§ EXERCISE DESCRIPTION
The lines below starting at the line containing "F2_T253_DEPTH = 15.1933659759" and ending at the line containing "F2_T388_ANGLE = 48.0029281472" are to be repeated exactly, with both ends kept and nothing else added.

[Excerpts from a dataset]
● ● ●

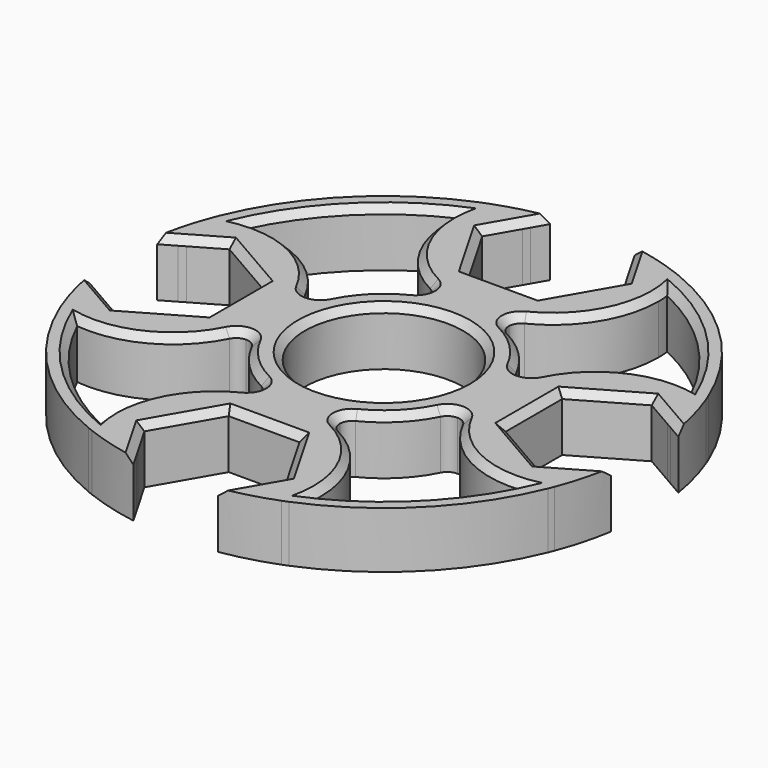
from build123d import *

# Parameters (mm, degrees)
F0_R          = 11.25
F1_DEPTH      = 8
F2_T6_DEPTH   = 13.2460185776
F2_T10_DEPTH  = 15.1933659759
F2_T15_DEPTH  = 15.1933659759
F2_T20_DEPTH  = 15.1933659759
F2_T25_DEPTH  = 13.2460185776
F2_T29_DEPTH  = 15.1933659759
F2_T34_DEPTH  = 13.2460185776
F2_T38_DEPTH  = 15.1933659759
F2_T43_DEPTH  = 15.1933659759
F2_T48_DEPTH  = 13.2460185776
F2_T52_ANGLE  = 79.6397986482
F2_S53_R      = 35
F2_T54_DEPTH  = 11
F2_T57_ANGLE  = 79.6397986482
F2_S58_R      = 35
F2_T59_DEPTH  = 11
F2_T62_ANGLE  = 48.0029281472
F2_S63_R      = 15
F2_T64_DEPTH  = 16
F2_S65_R      = 15
F2_T66_DEPTH  = 16
F2_T69_ANGLE  = 48.0029281472
F2_S70_R      = 15
F2_T71_DEPTH  = 16
F2_S72_R      = 15
F2_T73_DEPTH  = 16
F2_T76_DEPTH  = 13.2460185776
F2_T80_DEPTH  = 15.1933659759
F2_T85_DEPTH  = 15.1933659759
F2_T90_DEPTH  = 15.1933659759
F2_T95_DEPTH  = 13.2460185776
F2_T99_ANGLE  = 79.6397986482
F2_S100_R     = 35
F2_T101_DEPTH = 11
F2_T104_ANGLE = 48.0029281472
F2_S105_R     = 15
F2_T106_DEPTH = 16
F2_S107_R     = 15
F2_T108_DEPTH = 16
F2_T111_DEPTH = 13.2460185776
F2_T115_DEPTH = 15.1933659759
F2_T120_DEPTH = 15.1933659759
F2_T125_DEPTH = 15.1933659759
F2_T130_DEPTH = 13.2460185776
F2_T134_ANGLE = 79.6397986482
F2_S135_R     = 35
F2_T136_DEPTH = 11
F2_T139_ANGLE = 48.0029281472
F2_S140_R     = 15
F2_T141_DEPTH = 16
F2_S142_R     = 15
F2_T143_DEPTH = 16
F2_T146_ANGLE = 79.6397986482
F2_S147_R     = 35
F2_T148_DEPTH = 11
F2_T151_ANGLE = 126.8698976458
F2_T154_ANGLE = 36.8698976458
F2_T157_ANGLE = 126.8698976458
F2_T160_ANGLE = 126.8698976458
F2_T163_ANGLE = 36.8698976458
F2_T166_ANGLE = 126.8698976458
F2_T169_ANGLE = 79.6397986482
F2_S170_R     = 35
F2_T171_DEPTH = 11
F2_T174_ANGLE = 36.8698976458
F2_T177_ANGLE = 126.8698976458
F2_T180_ANGLE = 79.6397986482
F2_S181_R     = 35
F2_T182_DEPTH = 11
F2_T185_ANGLE = 126.8698976458
F2_T188_ANGLE = 36.8698976458
F2_T191_ANGLE = 126.8698976458
F2_T194_ANGLE = 79.6397986482
F2_S195_R     = 35
F2_T196_DEPTH = 11
F2_T199_ANGLE = 126.8698976458
F2_T203_DEPTH = 15.1933659759
F2_T207_DEPTH = 13.2460185776
F2_T213_DEPTH = 15.1933659759
F2_T217_DEPTH = 15.1933659759
F2_T223_DEPTH = 15.1933659759
F2_T227_DEPTH = 15.1933659759
F2_T233_DEPTH = 13.2460185776
F2_T237_DEPTH = 15.1933659759
F2_T243_DEPTH = 15.1933659759
F2_T247_DEPTH = 15.1933659759
F2_T253_DEPTH = 15.1933659759
F2_T257_DEPTH = 13.2460185776
F2_T263_DEPTH = 15.1933659759
F2_T267_DEPTH = 15.1933659759
F2_T273_DEPTH = 13.2460185776
F2_T277_DEPTH = 15.1933659759
F2_T283_ANGLE = 79.6397986482
F2_S284_R     = 35
F2_T285_DEPTH = 11
F2_T288_ANGLE = 48.0029281472
F2_S289_R     = 15
F2_T290_DEPTH = 16
F2_T295_ANGLE = 79.6397986482
F2_S296_R     = 35
F2_T297_DEPTH = 11
F2_T300_ANGLE = 48.0029281472
F2_S301_R     = 15
F2_T302_DEPTH = 16
F2_T307_ANGLE = 48.0029281472
F2_S308_R     = 15
F2_T309_DEPTH = 16
F2_T312_ANGLE = 79.6397986482
F2_S313_R     = 35
F2_T314_DEPTH = 11
F2_T319_ANGLE = 48.0029281472
F2_S320_R     = 15
F2_T321_DEPTH = 16
F2_T324_ANGLE = 79.6397986482
F2_S325_R     = 35
F2_T326_DEPTH = 11
F2_T331_DEPTH = 15.1933659759
F2_T335_DEPTH = 13.2460185776
F2_T341_DEPTH = 15.1933659759
F2_T345_DEPTH = 15.1933659759
F2_T351_DEPTH = 15.1933659759
F2_T355_DEPTH = 15.1933659759
F2_T361_DEPTH = 13.2460185776
F2_T365_DEPTH = 15.1933659759
F2_T371_ANGLE = 79.6397986482
F2_S372_R     = 35
F2_T373_DEPTH = 11
F2_T376_ANGLE = 48.0029281472
F2_S377_R     = 15
F2_T378_DEPTH = 16
F2_T383_ANGLE = 79.6397986482
F2_S384_R     = 35
F2_T385_DEPTH = 11
F2_T388_ANGLE = 48.0029281472
F2_S389_R     = 15
F2_T390_DEPTH = 16
F2_T395_DEPTH = 15.1933659759
F2_T399_DEPTH = 13.2460185776
F2_T405_DEPTH = 15.1933659759
F2_T409_DEPTH = 15.1933659759
F2_T415_DEPTH = 15.1933659759
F2_T419_DEPTH = 15.1933659759
F2_T425_DEPTH = 15.1933659759
F2_T429_DEPTH = 13.2460185776
F2_T435_ANGLE = 79.6397986482
F2_S436_R     = 35
F2_T437_DEPTH = 11
F2_T440_ANGLE = 48.0029281472
F2_S441_R     = 15
F2_T442_DEPTH = 16
F2_T447_ANGLE = 48.0029281472
F2_S448_R     = 15
F2_T449_DEPTH = 16
F2_T452_ANGLE = 79.6397986482
F2_S453_R     = 35
F2_T454_DEPTH = 11


# Not quite as in the source:
# - a fillet or chamfer that OpenCascade refuses, or shapes differently, is made with other operations: its cross-section is extruded or revolved along the edge and cut away or added


with BuildPart() as f1:
    # F0 (on Top) → F1 (new body)
    with BuildSketch(Plane.XY):
        with BuildLine():
            ThreePointArc((-16.583592135, 6.7082039325), (-22.8362258472, 13.1787837029), (-31.6666666667, 14.90711985))
            ThreePointArc((-31.6666666667, 14.90711985), (-33.1092804377, 11.3479314811), (-34.1532596523, 7.6521144217))
            Line((-34.1532596523, 7.6521144217), (-30, 10.05))
            Line((-30, 10.05), (-21.296444692, 5.025))
            Line((-21.296444692, 5.025), (-21.296444692, 0))
            Line((-21.296444692, 0), (-15, 0))
            ThreePointArc((-15, 0), (-15.401265158, 3.4462938082), (-16.583592135, 6.7082039325))
        make_face()
        with BuildLine():
            ThreePointArc((-34.1532596523, -7.6521144217), (-33.1092804377, -11.3479314811), (-31.6666666667, -14.90711985))
            ThreePointArc((-31.6666666667, -14.90711985), (-22.8362258472, -13.1787837029), (-16.583592135, -6.7082039325))
            ThreePointArc((-16.583592135, -6.7082039325), (-15.401265158, -3.4462938082), (-15, 0))
            Line((-15, 0), (-21.296444692, 0))
            Line((-21.296444692, 0), (-21.296444692, -5.025))
            Line((-21.296444692, -5.025), (-30, -10.05))
            Line((-30, -10.05), (-34.1532596523, -7.6521144217))
        make_face()
        with BuildLine():
            ThreePointArc((-34.6875, -14.248766394), (-33.1940907666, -14.6559811741), (-31.6666666667, -14.90711985))
            ThreePointArc((-31.6666666667, -14.90711985), (-33.1092804377, -11.3479314811), (-34.1532596523, -7.6521144217))
            Line((-34.1532596523, -7.6521144217), (-35, -7.1632486541))
            Line((-35, -7.1632486541), (-35, -13.4629120178))
            ThreePointArc((-35, -13.4629120178), (-34.8459654169, -13.8567201806), (-34.6875, -14.248766394))
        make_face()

● ● ●

§ EXERCISE OUTPUT
F2_T253_DEPTH = 15.1933659759
F2_T257_DEPTH = 13.2460185776
F2_T263_DEPTH = 15.1933659759
F2_T267_DEPTH = 15.1933659759
F2_T273_DEPTH = 13.2460185776
F2_T277_DEPTH = 15.1933659759
F2_T283_ANGLE = 79.6397986482
F2_S284_R     = 35
F2_T285_DEPTH = 11
F2_T288_ANGLE = 48.0029281472
F2_S289_R     = 15
F2_T290_DEPTH = 16
F2_T295_ANGLE = 79.6397986482
F2_S296_R     = 35
F2_T297_DEPTH = 11
F2_T300_ANGLE = 48.0029281472
F2_S301_R     = 15
F2_T302_DEPTH = 16
F2_T307_ANGLE = 48.0029281472
F2_S308_R     = 15
F2_T309_DEPTH = 16
F2_T312_ANGLE = 79.6397986482
F2_S313_R     = 35
F2_T314_DEPTH = 11
F2_T319_ANGLE = 48.0029281472
F2_S320_R     = 15
F2_T321_DEPTH = 16
F2_T324_ANGLE = 79.6397986482
F2_S325_R     = 35
F2_T326_DEPTH = 11
F2_T331_DEPTH = 15.1933659759
F2_T335_DEPTH = 13.2460185776
F2_T341_DEPTH = 15.1933659759
F2_T345_DEPTH = 15.1933659759
F2_T351_DEPTH = 15.1933659759
F2_T355_DEPTH = 15.1933659759
F2_T361_DEPTH = 13.2460185776
F2_T365_DEPTH = 15.1933659759
F2_T371_ANGLE = 79.6397986482
F2_S372_R     = 35
F2_T373_DEPTH = 11
F2_T376_ANGLE = 48.0029281472
F2_S377_R     = 15
F2_T378_DEPTH = 16
F2_T383_ANGLE = 79.6397986482
F2_S384_R     = 35
F2_T385_DEPTH = 11
F2_T388_ANGLE = 48.0029281472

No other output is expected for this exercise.